The server emits sanitized telemetry under `[:ptc_lisp, :http, ...]`
for request start/stop, session create/close, auth failures, failed-auth
rate-limit blocks (`[:ptc_lisp, :http, :auth, :rate_limited]`), limit
rejections, and cancellations.
When `--trace-dir` is enabled, HTTP tool-call trace events include
`owner_hash`, `mcp_session_hash`, and `transport_request_id` metadata.
Trace payload policy is still controlled by `--trace-payloads`.
Prometheus `/metrics` is not shipped in this PR. The config flags are
reserved, but scraping support remains a follow-up.
## Rolling Deploy Drain
On application shutdown the registry enters drain mode, so `/ready`
returns `503` and new `/mcp` POSTs receive a JSON-RPC `server draining`
error. The process waits `--http-shutdown-grace-ms`, then cancels any
remaining in-flight HTTP workers before exit.

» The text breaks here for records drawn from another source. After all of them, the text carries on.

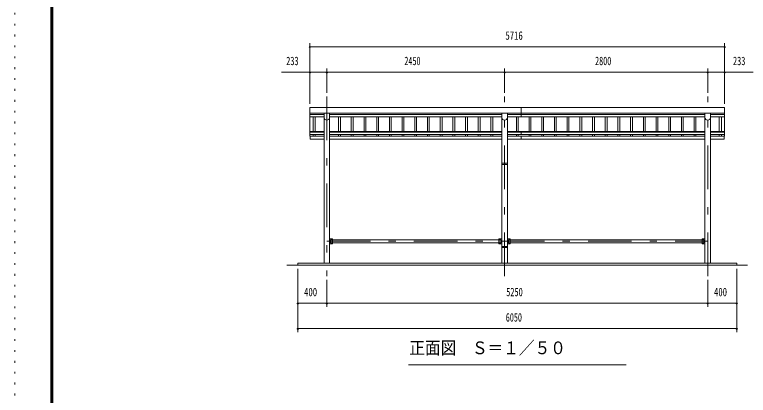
# Model space of a CAD drawing. Units: millimetres, scale not verified. Extents: x -22986 to 22989, y -10500 to 10500.
# Drawn here: x -6711 to 3401, y 0 to 5250 of the extents above; entities that cross this region are included whole.
import ezdxf
from ezdxf.enums import TextEntityAlignment as Align

# ---------------------------------------------------------------- set-up
doc = ezdxf.new("R2010")
doc.units = ezdxf.units.MM
doc.header["$LTSCALE"] = 50
doc.linetypes.add('USER3', pattern=[24, 12, -5, 2, -5])
doc.linetypes.add('USER4', pattern=[3, 0.5, -2.5])
for name, color, linetype, lineweight in [('0-2_1-02BOLD', 7, 'Continuous', 18), ('0-3_1-22CENTER', 3, 'USER3', 18), ('0-4_1-42THIN', 4, 'Continuous', 18), ('0-5_1-52DIM', 3, 'Continuous', 18), ('0-C_F-F4PAPAER', 5, 'Continuous', 18), ('0-D_F-E_J_ADD', 5, 'USER4', 18)]:
    doc.layers.add(name, color=color, linetype=linetype, lineweight=lineweight)
doc.styles.add('ＭＳ ゴシック', font='')
doc.styles.get('ＭＳ ゴシック').set_extended_font_data('MS Gothic')

msp = doc.modelspace()

# ---------------------------------------------------------------- linework, layer by layer
at = {"layer": '0-2_1-02BOLD'}
for p, q in [((271.76, 3840.07), (271.76, 3969.67)), ((3074.76, 3890.5), (-2641.23, 3890.5)), ((-2641.23, 3871), (-2446.39, 3871)), ((-2446.39, 3890.5), (-2446.39, 1824.67)), ((-2370.09, 1824.67), (-2370.09, 3890.5)), ((-2370.09, 3871), (3.61, 3871)), ((3.61, 3890.5), (3.61, 3200.67)), ((79.91, 3200.67), (79.91, 3890.5)), ((79.91, 3871), (2803.61, 3871)), ((2803.61, 3890.5), (2803.61, 1824.67)), ((2879.91, 1824.67), (2879.91, 3890.5)), ((2879.91, 3871), (3074.76, 3871)), ((-2446.39, 3840.07), (-2641.23, 3840.07)), ((3.61, 3840.07), (-2370.09, 3840.07)), ((2803.61, 3840.07), (79.91, 3840.07)), ((2879.91, 3840.07), (3074.76, 3840.07)), ((-2641.23, 3637.63), (-2446.39, 3637.63)), ((-2446.39, 3627.25), (-2641.23, 3627.25)), ((-2446.39, 3597.7), (-2641.23, 3597.7)), ((-2641.23, 3574.2), (-2636.24, 3574.2)), ((3.61, 3637.63), (-2370.09, 3637.63)), ((-2370.09, 3627.25), (3.61, 3627.25)), ((3.61, 3597.7), (-2370.09, 3597.7)), ((-2370.09, 3576.6), (3.61, 3576.6)), ((2803.61, 3637.63), (79.91, 3637.63)), ((79.91, 3627.25), (2803.61, 3627.25)), ((2803.61, 3597.7), (79.91, 3597.7)), ((79.91, 3576.6), (2803.61, 3576.6)), ((271.76, 3597.7), (271.76, 3637.63)), ((271.76, 3531.6), (271.76, 3576.6)), ((3074.76, 3597.7), (2879.91, 3597.7)), ((2879.91, 3576.6), (3069.76, 3576.6)), ((3074.76, 3637.63), (2879.92, 3637.63)), ((2879.92, 3627.25), (3074.76, 3627.25)), ((3.61, 3531.6), (-2370.09, 3531.6)), ((2803.61, 3531.6), (79.91, 3531.6)), ((3.61, 3184.67), (3.61, 2053.27)), ((38.71, 3200.67), (38.71, 3184.67)), ((38.71, 3192.67), (44.81, 3192.67)), ((44.81, 3184.67), (44.81, 3200.67)), ((79.91, 2053.27), (79.91, 3184.67)), ((-2333.29, 2091.67), (-2333.29, 2157.67)), ((-36.39, 2146.02), (-2330.09, 2146.02)), ((-36.39, 2157.67), (3.61, 2157.67)), ((-36.39, 2091.67), (-36.39, 2157.67)), ((-33.19, 2157.67), (-33.19, 2091.67)), ((116.71, 2157.67), (116.71, 2091.67)), ((2763.61, 2146.02), (119.91, 2146.02)), ((2766.81, 2157.67), (2766.81, 2091.67)), ((2789.26, 2146.02), (2766.81, 2146.02)), ((-2355.74, 2103.32), (-2333.29, 2103.32)), ((-2330.09, 2103.32), (-36.39, 2103.32)), ((-36.39, 2091.67), (3.61, 2091.67)), ((3.61, 2037.27), (3.61, 1824.67)), ((38.71, 2053.27), (38.71, 2037.27)), ((44.81, 2045.27), (38.71, 2045.27)), ((44.81, 2037.27), (44.81, 2053.27)), ((79.91, 1824.67), (79.91, 2037.27)), ((119.91, 2103.32), (2763.61, 2103.32)), ((3391.76, 1794.67), (-2958.24, 1794.67))]:
    msp.add_line(p, q, dxfattribs=at)
for points in [[(-2641.23, 3574.2), (-2641.23, 3969.67), (3074.76, 3969.67), (3074.76, 3574.2), (3069.76, 3574.2)], [(-2446.39, 3531.6), (-2636.24, 3531.6), (-2636.24, 3576.6), (-2446.39, 3576.6)], [(3069.76, 3576.6), (3069.76, 3531.6), (2879.91, 3531.6)], [(-2370.09, 2157.67), (-2330.09, 2157.67), (-2330.09, 2091.67), (-2370.09, 2091.67)], [(-2333.29, 2146.02), (-2355.74, 2146.02), (-2355.74, 2103.32)], [(-33.19, 2103.32), (-10.74, 2103.32), (-10.74, 2146.02), (-33.19, 2146.02)], [(79.91, 2091.67), (119.91, 2091.67), (119.91, 2157.67), (79.91, 2157.67)], [(116.71, 2146.02), (94.26, 2146.02), (94.26, 2103.32), (116.71, 2103.32)], [(2803.61, 2091.67), (2763.61, 2091.67), (2763.61, 2157.67), (2803.61, 2157.67)], [(2766.81, 2103.32), (2789.26, 2103.32), (2789.26, 2146.02)], [(-2808.24, 1794.67), (-2808.24, 1824.67), (3241.76, 1824.67), (3241.76, 1794.67)]]:
    msp.add_lwpolyline(points, dxfattribs=at)
for points in [[(2.01, 3200.67), (2.01, 3184.67), (81.52, 3184.67), (81.52, 3200.67)], [(2.01, 2053.27), (2.01, 2037.27), (81.52, 2037.27), (81.52, 2053.27)]]:
    msp.add_lwpolyline(points, close=True, dxfattribs=at)
for centre in [(-2408.24, 3833.18), (41.76, 3833.18), (2841.76, 3833.18)]:
    msp.add_arc(centre, 38.15, 180, 0, dxfattribs=at)
at = {"layer": '0-3_1-22CENTER'}
for p, q in [((-2408.24, 4119.67), (-2408.24, 1644.67)), ((41.76, 1644.67), (41.76, 4119.67)), ((2841.76, 1644.67), (2841.76, 4119.67)), ((-2408.24, 2124.67), (2841.76, 2124.67))]:
    msp.add_line(p, q, dxfattribs=at)
at = {"layer": '0-4_1-42THIN'}
for p, q in [((-2595.74, 3637.63), (-2595.74, 3840.07)), ((-2570.74, 3840.07), (-2570.74, 3637.63)), ((-2245.74, 3840.07), (-2245.74, 3637.63)), ((-2220.73, 3637.63), (-2220.73, 3840.07)), ((-2070.74, 3637.63), (-2070.74, 3840.07)), ((-2045.73, 3840.07), (-2045.73, 3637.63)), ((-1895.74, 3840.07), (-1895.74, 3637.63)), ((-1870.74, 3637.63), (-1870.74, 3840.07)), ((-1720.74, 3637.63), (-1720.74, 3840.07)), ((-1695.74, 3840.07), (-1695.74, 3637.63)), ((-1545.74, 3840.07), (-1545.74, 3637.63)), ((-1520.74, 3637.63), (-1520.74, 3840.07)), ((-1370.73, 3637.63), (-1370.73, 3840.07)), ((-1345.73, 3840.07), (-1345.73, 3637.63)), ((-1195.74, 3840.07), (-1195.74, 3637.63)), ((-1170.74, 3637.63), (-1170.74, 3840.07)), ((-1020.73, 3637.63), (-1020.73, 3840.07)), ((-995.73, 3840.07), (-995.73, 3637.63)), ((-845.73, 3840.07), (-845.73, 3637.63)), ((-820.73, 3637.63), (-820.73, 3840.07)), ((-670.73, 3637.63), (-670.73, 3840.07)), ((-645.73, 3840.07), (-645.73, 3637.63)), ((-495.73, 3840.07), (-495.73, 3637.63)), ((-470.73, 3637.63), (-470.73, 3840.07)), ((-320.73, 3637.63), (-320.73, 3840.07)), ((-295.73, 3840.07), (-295.73, 3637.63)), ((-145.73, 3840.07), (-145.73, 3637.63)), ((-120.73, 3637.63), (-120.73, 3840.07)), ((204.27, 3637.63), (204.27, 3840.07)), ((229.27, 3840.07), (229.27, 3637.63)), ((379.27, 3840.07), (379.27, 3637.63)), ((404.26, 3637.63), (404.26, 3840.07)), ((554.27, 3637.63), (554.27, 3840.07)), ((579.27, 3840.07), (579.27, 3637.63)), ((729.26, 3840.07), (729.26, 3637.63)), ((754.27, 3637.63), (754.27, 3840.07)), ((904.26, 3637.63), (904.26, 3840.07)), ((929.27, 3840.07), (929.27, 3637.63)), ((1079.26, 3840.07), (1079.26, 3637.63)), ((1104.26, 3637.63), (1104.26, 3840.07)), ((1254.26, 3637.63), (1254.26, 3840.07)), ((1279.26, 3840.07), (1279.26, 3637.63)), ((1429.26, 3840.07), (1429.26, 3637.63)), ((1454.26, 3637.63), (1454.26, 3840.07)), ((1604.27, 3637.63), (1604.27, 3840.07)), ((1629.27, 3840.07), (1629.27, 3637.63)), ((1779.26, 3840.07), (1779.26, 3637.63)), ((1804.26, 3637.63), (1804.26, 3840.07)), ((1954.27, 3637.63), (1954.27, 3840.07)), ((1979.27, 3840.07), (1979.27, 3637.63)), ((2129.26, 3840.07), (2129.26, 3637.63)), ((2154.26, 3637.63), (2154.26, 3840.07)), ((2304.27, 3637.63), (2304.27, 3840.07)), ((2329.27, 3840.07), (2329.27, 3637.63)), ((2479.26, 3840.07), (2479.26, 3637.63)), ((2504.26, 3637.63), (2504.26, 3840.07)), ((2654.26, 3637.63), (2654.26, 3840.07)), ((2679.27, 3840.07), (2679.27, 3637.63)), ((2997.87, 3840.07), (2997.87, 3637.63)), ((3029.26, 3637.63), (3029.26, 3840.07)), ((-2595.74, 3576.6), (-2595.74, 3597.7)), ((-2570.74, 3597.7), (-2570.74, 3576.6)), ((-2245.74, 3597.7), (-2245.74, 3576.6)), ((-2220.73, 3576.6), (-2220.73, 3597.7)), ((-2070.74, 3576.6), (-2070.74, 3597.7)), ((-2045.73, 3597.7), (-2045.73, 3576.6)), ((-1895.74, 3597.7), (-1895.74, 3576.6)), ((-1870.74, 3576.6), (-1870.74, 3597.7)), ((-1720.74, 3576.6), (-1720.74, 3597.7)), ((-1695.74, 3597.7), (-1695.74, 3576.6)), ((-1545.74, 3597.7), (-1545.74, 3576.6)), ((-1520.74, 3576.6), (-1520.74, 3597.7)), ((-1370.73, 3576.6), (-1370.73, 3597.7)), ((-1345.73, 3597.7), (-1345.73, 3576.6)), ((-1195.74, 3597.7), (-1195.74, 3576.6)), ((-1170.74, 3576.6), (-1170.74, 3597.7)), ((-1020.73, 3576.6), (-1020.73, 3597.7)), ((-995.73, 3597.7), (-995.73, 3576.6)), ((-845.73, 3597.7), (-845.73, 3576.6)), ((-820.73, 3576.6), (-820.73, 3597.7)), ((-670.73, 3576.6), (-670.73, 3597.7)), ((-645.73, 3597.7), (-645.73, 3576.6)), ((-495.73, 3597.7), (-495.73, 3576.6)), ((-470.73, 3576.6), (-470.73, 3597.7)), ((-320.73, 3576.6), (-320.73, 3597.7)), ((-295.73, 3597.7), (-295.73, 3576.6)), ((-145.73, 3597.7), (-145.73, 3576.6)), ((-120.73, 3576.6), (-120.73, 3597.7)), ((204.27, 3576.6), (204.27, 3597.7)), ((229.27, 3597.7), (229.27, 3576.6)), ((379.27, 3597.7), (379.27, 3576.6)), ((404.26, 3576.6), (404.26, 3597.7)), ((554.27, 3576.6), (554.27, 3597.7)), ((579.27, 3597.7), (579.27, 3576.6)), ((729.26, 3597.7), (729.26, 3576.6)), ((754.27, 3576.6), (754.27, 3597.7)), ((904.26, 3576.6), (904.26, 3597.7)), ((929.27, 3597.7), (929.27, 3576.6)), ((1079.26, 3597.7), (1079.26, 3576.6)), ((1104.26, 3576.6), (1104.26, 3597.7)), ((1254.26, 3576.6), (1254.26, 3597.7)), ((1279.26, 3597.7), (1279.26, 3576.6)), ((1429.26, 3597.7), (1429.26, 3576.6)), ((1454.26, 3576.6), (1454.26, 3597.7)), ((1604.27, 3576.6), (1604.27, 3597.7)), ((1629.27, 3597.7), (1629.27, 3576.6)), ((1779.26, 3597.7), (1779.26, 3576.6)), ((1804.26, 3576.6), (1804.26, 3597.7)), ((1954.27, 3576.6), (1954.27, 3597.7)), ((1979.27, 3597.7), (1979.27, 3576.6)), ((2129.26, 3597.7), (2129.26, 3576.6)), ((2154.26, 3576.6), (2154.26, 3597.7)), ((2304.27, 3576.6), (2304.27, 3597.7)), ((2329.27, 3597.7), (2329.27, 3576.6)), ((2479.26, 3597.7), (2479.26, 3576.6)), ((2504.26, 3576.6), (2504.26, 3597.7)), ((2654.26, 3576.6), (2654.26, 3597.7)), ((2679.27, 3597.7), (2679.27, 3576.6)), ((2997.87, 3597.7), (2997.87, 3576.6)), ((3029.26, 3576.6), (3029.26, 3597.7))]:
    msp.add_line(p, q, dxfattribs=at)
at = {"layer": '0-5_1-52DIM'}
for p, q in [((-2641.23, 4856.67), (-2641.23, 4019.67)), ((3074.76, 4856.67), (3074.76, 4019.67)), ((-2631.23, 4806.67), (-2651.23, 4806.67)), ((-2631.23, 4806.67), (-2651.23, 4806.67)), ((-2641.23, 4806.67), (3074.76, 4806.67)), ((3084.76, 4806.67), (3064.76, 4806.67)), ((3084.76, 4806.67), (3064.76, 4806.67)), ((-2641.24, 4456.67), (-3033.74, 4456.67)), ((-2631.23, 4456.67), (-2651.23, 4456.67)), ((-2641.23, 4456.67), (-2408.24, 4456.67)), ((-2398.24, 4456.67), (-2418.24, 4456.67)), ((-2408.24, 4169.67), (-2408.24, 4506.67)), ((-2408.24, 4456.67), (41.76, 4456.67)), ((51.76, 4456.67), (31.76, 4456.67)), ((41.76, 4169.67), (41.76, 4506.67)), ((41.76, 4456.67), (2841.76, 4456.67)), ((2851.76, 4456.67), (2831.76, 4456.67)), ((2841.76, 4169.67), (2841.76, 4506.67)), ((2841.76, 4456.67), (3074.76, 4456.67)), ((3084.76, 4456.67), (3064.76, 4456.67)), ((3074.76, 4456.67), (3467.26, 4456.67)), ((-2808.24, 869.67), (-2808.24, 1744.67)), ((3241.76, 1744.67), (3241.76, 869.67)), ((-2408.24, 1594.67), (-2408.24, 1219.67)), ((2841.76, 1219.67), (2841.76, 1594.67)), ((-2798.24, 1269.67), (-2818.24, 1269.67)), ((-2808.24, 1269.67), (-2408.24, 1269.67)), ((-2398.24, 1269.67), (-2418.24, 1269.67)), ((-2408.24, 1269.67), (2841.76, 1269.67)), ((2851.76, 1269.67), (2831.76, 1269.67)), ((2841.76, 1269.67), (3241.76, 1269.67)), ((3251.76, 1269.67), (3231.76, 1269.67)), ((-2798.24, 919.67), (-2818.24, 919.67)), ((-2808.24, 919.67), (3241.76, 919.67)), ((3251.76, 919.67), (3231.76, 919.67)), ((1716.76, 419.67), (-1283.24, 419.67))]:
    msp.add_line(p, q, dxfattribs=at)
for centre in [(-2641.23, 4806.67), (-2641.23, 4806.67), (3074.76, 4806.67), (3074.76, 4806.67), (-2641.23, 4456.67), (-2408.24, 4456.67), (41.76, 4456.67), (2841.76, 4456.67), (3074.76, 4456.67), (-2808.24, 1269.67), (-2408.24, 1269.67), (2841.76, 1269.67), (3241.76, 1269.67), (-2808.24, 919.67), (3241.76, 919.67)]:
    msp.add_arc(centre, 10, 180, 0, dxfattribs=at)
at = {"layer": '0-C_F-F4PAPAER'}
for points in [[(22489.1, -10000), (-6210.9, -10000), (-6210.9, 10100), (22489.1, 10100)], [(22486.6, -9997.5), (22486.6, 10097.5), (-6208.4, 10097.5), (-6208.4, -9997.5)], [(22484.1, -9995), (-6205.9, -9995), (-6205.9, 10095), (22484.1, 10095)], [(22481.6, -9992.5), (22481.6, 10092.5), (-6203.4, 10092.5), (-6203.4, -9992.5)], [(22479.1, -9990), (-6200.9, -9990), (-6200.9, 10090), (22479.1, 10090)], [(22476.6, -9987.5), (22476.6, 10087.5), (-6198.4, 10087.5), (-6198.4, -9987.5)], [(22474.1, -9985), (-6195.9, -9985), (-6195.9, 10085), (22474.1, 10085)], [(22471.6, -9982.5), (-6193.4, -9982.5), (-6193.4, 10082.5), (22471.6, 10082.5)], [(22469.1, -9980), (22469.1, 10080), (-6190.9, 10080), (-6190.9, -9980)], [(22466.6, -9977.5), (22466.6, 10077.5), (-6188.4, 10077.5), (-6188.4, -9977.5)], [(22464.1, -9975), (22464.1, 10075), (-6185.9, 10075), (-6185.9, -9975)]]:
    msp.add_lwpolyline(points, close=True, dxfattribs=at)
at = {"layer": '0-D_F-E_J_ADD'}
msp.add_lwpolyline([(22989.1, -10500), (-6710.9, -10500), (-6710.9, 10500), (22989.1, 10500)], close=True, dxfattribs=at)

# ---------------------------------------------------------------- texts
at = {"layer": '0-5_1-52DIM', "color": 7, "style": 'ＭＳ ゴシック'}
for s, height, width, p in [('5716', 117.2, 0.75, (53.23, 4868.67)), ('233', 117.2, 0.65, (-2968.75, 4518.67)), ('2450', 117.2, 0.7, (-1340.11, 4518.67)), ('2800', 117.2, 0.7, (1289.16, 4518.67)), ('233', 117.2, 0.65, (3189.75, 4518.67)), ('400', 117.2, 0.75, (-2721.88, 1331.67)), ('5250', 117.2, 0.65, (64.09, 1331.67)), ('400', 117.2, 0.75, (2928.12, 1331.67)), ('6050', 117.2, 0.7, (58.3, 981.67)), ('正面図\u3000Ｓ＝１／５０', 175.8, 0.9, (-1271.24, 514.31))]:
    msp.add_text(s, height=height, dxfattribs=dict(at, width=width)).set_placement(p, align=Align.BOTTOM_LEFT)

doc.saveas('drawing.dxf')

`DELETE /mcp` closes one protocol session immediately. Reaped or deleted
sessions return `404` on later use.
## Important Flags
| Flag | Default | Meaning |
|---|---:|---|
| `--http` | `false` | Enable the HTTP listener. |
| `--http-host` | `127.0.0.1` | Bind IP address or `localhost`. |
| `--http-port` | `7332` | Bind port. |
| `--http-path` | `/mcp` | MCP endpoint path. |
| `--http-auth-token` | unset | Static bearer token; minimum 32 characters. |
| `--http-allowed-origin` | unset | Exact allowed browser `Origin`; repeatable or comma-separated. |
| `--http-max-sessions` | `256` | Global HTTP protocol-session cap. |
| `--http-max-sessions-per-owner` | `32` | Per-owner protocol-session cap. |
| `--http-max-in-flight-per-session` | `4` | Per-session executing request cap. |
| `--http-auth-rate-limit` | `true` | Rate limit failed bearer auth per source. |
| `--http-auth-rate-limit-window-ms` | `60000` | Window over which failures accumulate. |
| `--http-auth-rate-limit-max-failures` | `5` | Failures per window before a source is blocked. |
| `--http-auth-rate-limit-block-ms` | `60000` | Block duration after the threshold is exceeded (`429` + `Retry-After`). |
| `--http-session-ttl-ms` | `3600000` | Absolute protocol-session lifetime. |
| `--http-session-idle-timeout-ms` | `900000` | Idle protocol-session timeout. |
| `--http-instance-label` | hostname | Label stamped into HTTP logs/telemetry/traces. |
For loopback binds, the MCP endpoint rejects requests whose
`Host`/authority is not loopback. Missing `Origin` remains valid for
non-browser clients, but invalid browser `Origin` values are rejected.
POST requests with a present `Content-Type` must be JSON
(`application/json` or a `+json` media type).